Semantic cache
The semantic cache goes beyond exact matching: it uses embeddings to find prompts with the same semantic meaning, even when the wording is different. For example, "What's the weather in Paris?" and "Tell me the current weather for Paris" would match semantically.

How it works
The semantic cache uses a two-stage lookup:
1. Exact match (fast path)
First, a SHA-512 hash of the messages is checked against an in-memory cache, exactly like the simple cache. If an exact match is found, the response is returned immediately.
2. Semantic similarity (vector search)
If no exact match is found, the cache computes an embedding of the user's messages using a local MiniLM model (AllMiniLmL6V2, running via ONNX — no external API call needed). This embedding is compared against all stored embeddings using cosine similarity.
If a stored entry has a similarity score above the configured score threshold, the cached response is returned.
Configuration
The cache is configured on the LLM Provider entity in the cache section:
{
"cache": {
"strategy": "semantic",
"ttl": 300000,
"score": 0.85
}
}
| Parameter | Type | Default | Description |
|---|---|---|---|
strategy | string | "none" | Set to "semantic" to enable semantic cache |
ttl | number (ms) | 86400000 (24h) | Time-to-live for cached entries in milliseconds |
score | number (0-1) | 0.8 | Minimum cosine similarity score for a semantic match. Higher values require closer matches. |
embedding_ref | string | — | Optional reference to an Embedding Model entity to use instead of the built-in AllMiniLmL6V2 |
redis_url | string | — | Optional Redis URL to use Redis Stack as cache and vector search backend |
Score tuning
| Score | Behavior |
|---|---|
| 0.95+ | Very strict — only near-identical prompts match |
| 0.85 | Good default — catches paraphrases while avoiding false matches |
| 0.70 | Loose — broader matching, higher risk of incorrect cache hits |
| < 0.60 | Too loose — likely to return irrelevant cached responses |
Embedding model
By default, the semantic cache uses the AllMiniLmL6V2 sentence transformer model (384 dimensions), which runs locally via ONNX runtime. This means:
- No external API call is needed for embedding computation
- No additional cost per cache lookup
- Low latency (typically < 10ms for embedding)
- The model is included in the extension — no separate setup required
Custom embedding model
You can use any embedding model registered in the extension instead of the built-in AllMiniLmL6V2. Set embedding_ref to the id of an Embedding Model entity:
{
"cache": {
"strategy": "semantic",
"ttl": 300000,
"score": 0.85,
"embedding_ref": "embedding-model_xxxxx"
}
}
This lets you use a higher-quality model (OpenAI, Mistral, Cohere, etc.) for cache matching. If the referenced model is unavailable or returns an error, the cache falls back to the built-in AllMiniLmL6V2 automatically.
Only messages with role "user" are used for semantic matching.

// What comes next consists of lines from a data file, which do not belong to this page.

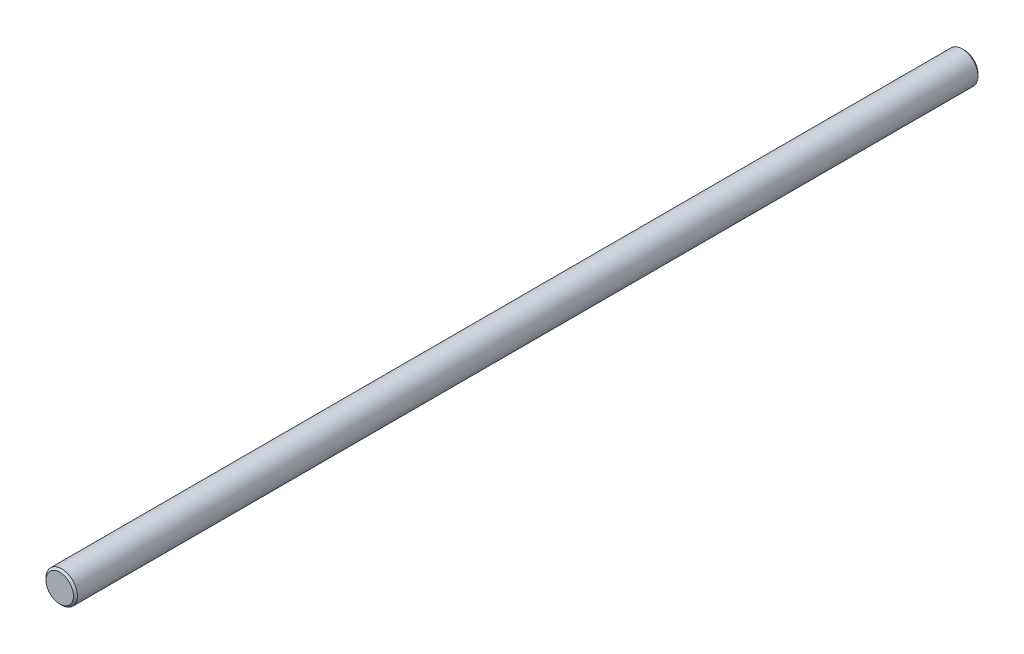
ISO-10303-21;
HEADER;
FILE_DESCRIPTION(('STEP AP214'),'2;1');
FILE_NAME('part.step','',(''),(''),'','','');
FILE_SCHEMA(('AUTOMOTIVE_DESIGN { 1 0 10303 214 1 1 1 1 }'));
ENDSEC;
DATA;
#1=APPLICATION_CONTEXT('core data for automotive mechanical design processes');
#2=APPLICATION_PROTOCOL_DEFINITION('international standard','automotive_design',2000,#1);
#3=PRODUCT_CONTEXT('',#1,'mechanical');
#4=PRODUCT('Part','Part','',(#3));
#5=PRODUCT_RELATED_PRODUCT_CATEGORY('part','',(#4));
#6=PRODUCT_DEFINITION_FORMATION('','',#4);
#7=PRODUCT_DEFINITION_CONTEXT('part definition',#1,'design');
#8=PRODUCT_DEFINITION('design','',#6,#7);
#9=PRODUCT_DEFINITION_SHAPE('','',#8);
#10=(LENGTH_UNIT() NAMED_UNIT(*) SI_UNIT(.MILLI.,.METRE.));
#11=(NAMED_UNIT(*) PLANE_ANGLE_UNIT() SI_UNIT($,.RADIAN.));
#12=(NAMED_UNIT(*) SI_UNIT($,.STERADIAN.) SOLID_ANGLE_UNIT());
#13=UNCERTAINTY_MEASURE_WITH_UNIT(LENGTH_MEASURE(1.E-05),#10,'distance_accuracy_value','');
#14=(GEOMETRIC_REPRESENTATION_CONTEXT(3) GLOBAL_UNCERTAINTY_ASSIGNED_CONTEXT((#13)) GLOBAL_UNIT_ASSIGNED_CONTEXT((#10,
#11,#12)) REPRESENTATION_CONTEXT('',''));
#15=CARTESIAN_POINT('',(0.,0.,0.));
#16=DIRECTION('',(0.,0.,1.));
#17=DIRECTION('',(1.,0.,0.));
#18=AXIS2_PLACEMENT_3D('',#15,#16,#17);
#19=CARTESIAN_POINT('',(0.,0.,115.));
#20=DIRECTION('',(0.,0.,-1.));
#21=DIRECTION('',(-1.,0.,0.));
#22=AXIS2_PLACEMENT_3D('',#19,#20,#21);
#23=CYLINDRICAL_SURFACE('',#22,4.);
#24=CARTESIAN_POINT('',(0.,0.,-114.5));
#25=DIRECTION('',(0.,0.,1.));
#26=DIRECTION('',(1.,0.,0.));
#27=AXIS2_PLACEMENT_3D('',#24,#25,#26);
#28=CIRCLE('',#27,4.);
#29=CARTESIAN_POINT('',(4.,0.,-114.5));
#30=VERTEX_POINT('',#29);
#31=EDGE_CURVE('E49',#30,#30,#28,.T.);
#32=ORIENTED_EDGE('',*,*,#31,.T.);
#33=EDGE_LOOP('',(#32));
#34=FACE_BOUND('',#33,.T.);
#35=CARTESIAN_POINT('',(0.,0.,114.5));
#36=DIRECTION('',(0.,0.,1.));
#37=DIRECTION('',(1.,0.,0.));
#38=AXIS2_PLACEMENT_3D('',#35,#36,#37);
#39=CIRCLE('',#38,4.);
#40=CARTESIAN_POINT('',(4.,0.,114.5));
#41=VERTEX_POINT('',#40);
#42=EDGE_CURVE('E53',#41,#41,#39,.F.);
#43=ORIENTED_EDGE('',*,*,#42,.T.);
#44=EDGE_LOOP('',(#43));
#45=FACE_BOUND('',#44,.T.);
#46=ADVANCED_FACE('F37',(#34,#45),#23,.T.);
#47=CARTESIAN_POINT('',(0.,0.,115.));
#48=DIRECTION('',(0.,0.,1.));
#49=DIRECTION('',(1.,0.,0.));
#50=AXIS2_PLACEMENT_3D('',#47,#48,#49);
#51=PLANE('',#50);
#52=CARTESIAN_POINT('',(0.,0.,115.));
#53=DIRECTION('',(0.,0.,1.));
#54=DIRECTION('',(1.,0.,0.));
#55=AXIS2_PLACEMENT_3D('',#52,#53,#54);
#56=CIRCLE('',#55,3.5);
#57=CARTESIAN_POINT('',(3.5,0.,115.));
#58=VERTEX_POINT('',#57);
#59=EDGE_CURVE('E10',#58,#58,#56,.T.);
#60=ORIENTED_EDGE('',*,*,#59,.T.);
#61=EDGE_LOOP('',(#60));
#62=FACE_BOUND('',#61,.T.);
#63=ADVANCED_FACE('F69',(#62),#51,.T.);
#64=CARTESIAN_POINT('',(0.,0.,-115.));
#65=DIRECTION('',(0.,0.,1.));
#66=DIRECTION('',(1.,0.,0.));
#67=AXIS2_PLACEMENT_3D('',#64,#65,#66);
#68=PLANE('',#67);
#69=CARTESIAN_POINT('',(0.,0.,-115.));
#70=DIRECTION('',(0.,0.,1.));
#71=DIRECTION('',(1.,0.,0.));
#72=AXIS2_PLACEMENT_3D('',#69,#70,#71);
#73=CIRCLE('',#72,3.50000000000003);
#74=CARTESIAN_POINT('',(3.50000000000003,0.,-115.));
#75=VERTEX_POINT('',#74);
#76=EDGE_CURVE('E45',#75,#75,#73,.F.);
#77=ORIENTED_EDGE('',*,*,#76,.T.);
#78=EDGE_LOOP('',(#77));
#79=FACE_BOUND('',#78,.T.);
#80=ADVANCED_FACE('F66',(#79),#68,.F.);
#81=CARTESIAN_POINT('',(0.,0.,-114.5));
#82=DIRECTION('',(0.,0.,1.));
#83=DIRECTION('',(1.,0.,0.));
#84=AXIS2_PLACEMENT_3D('',#81,#82,#83);
#85=CONICAL_SURFACE('',#84,4.,0.785398163397445);
#86=ORIENTED_EDGE('',*,*,#76,.F.);
#87=EDGE_LOOP('',(#86));
#88=FACE_BOUND('',#87,.T.);
#89=ORIENTED_EDGE('',*,*,#31,.F.);
#90=EDGE_LOOP('',(#89));
#91=FACE_BOUND('',#90,.T.);
#92=ADVANCED_FACE('F62',(#88,#91),#85,.T.);
#93=CARTESIAN_POINT('',(0.,0.,115.));
#94=DIRECTION('',(0.,0.,-1.));
#95=DIRECTION('',(-1.,0.,0.));
#96=AXIS2_PLACEMENT_3D('',#93,#94,#95);
#97=CONICAL_SURFACE('',#96,3.5,0.785398163397431);
#98=ORIENTED_EDGE('',*,*,#42,.F.);
#99=EDGE_LOOP('',(#98));
#100=FACE_BOUND('',#99,.T.);
#101=ORIENTED_EDGE('',*,*,#59,.F.);
#102=EDGE_LOOP('',(#101));
#103=FACE_BOUND('',#102,.T.);
#104=ADVANCED_FACE('F40',(#100,#103),#97,.T.);
#105=CLOSED_SHELL('',(#46,#63,#80,#92,#104));
#106=MANIFOLD_SOLID_BREP('B2',#105);
#107=ADVANCED_BREP_SHAPE_REPRESENTATION('',(#18,#106),#14);
#108=SHAPE_DEFINITION_REPRESENTATION(#9,#107);
ENDSEC;
END-ISO-10303-21;

Redis-backed semantic cache
By default, the semantic cache uses in-memory storage (Caffeine + LangChain4j InMemoryEmbeddingStore). To share the cache across a cluster, set redis_url to a Redis Stack URI:
{
"cache": {
"strategy": "semantic",
"ttl": 300000,
"score": 0.85,
"redis_url": "redis://localhost:6379"
}
}
When Redis is configured:
- Embeddings are stored as binary vectors in Redis HASH keys and indexed with RediSearch for KNN similarity search
- Cached responses are stored as JSON strings with automatic TTL expiration
- Embedding HASH keys also expire via
PEXPIRE, automatically removing them from the search index - The RediSearch index is created automatically on first use with the correct vector dimensions
- Redis connections are pooled and shared across providers
Requires Redis Stack (the redis-stack or redis-stack-server Docker image) for the RediSearch vector search module.
Cache behavior
- In-memory mode: Maximum 5000 entries per provider. When a cached entry expires, its embedding is automatically cleaned up from the vector store.
- Redis mode: No entry limit (limited by Redis memory). TTL is managed by Redis natively.
- Cached responses return zero token usage (no cost incurred)
- Both blocking and streaming responses are cached
Response headers and metadata
Same as the simple cache: X-Cache-Status, X-Cache-Key, X-Cache-Ttl, Age headers and a cache object in response metadata.
When to use semantic cache
- Customer support: Users ask the same questions with different phrasing
- Search-like applications: Queries with varied wording but same intent
- Multi-language contexts: Similar questions in slightly different formulations
For strict exact-match caching, use the simple cache instead. You can also combine both strategies by setting "strategy": "simple,semantic" — the simple cache is checked first (faster), then the semantic cache if no exact match is found.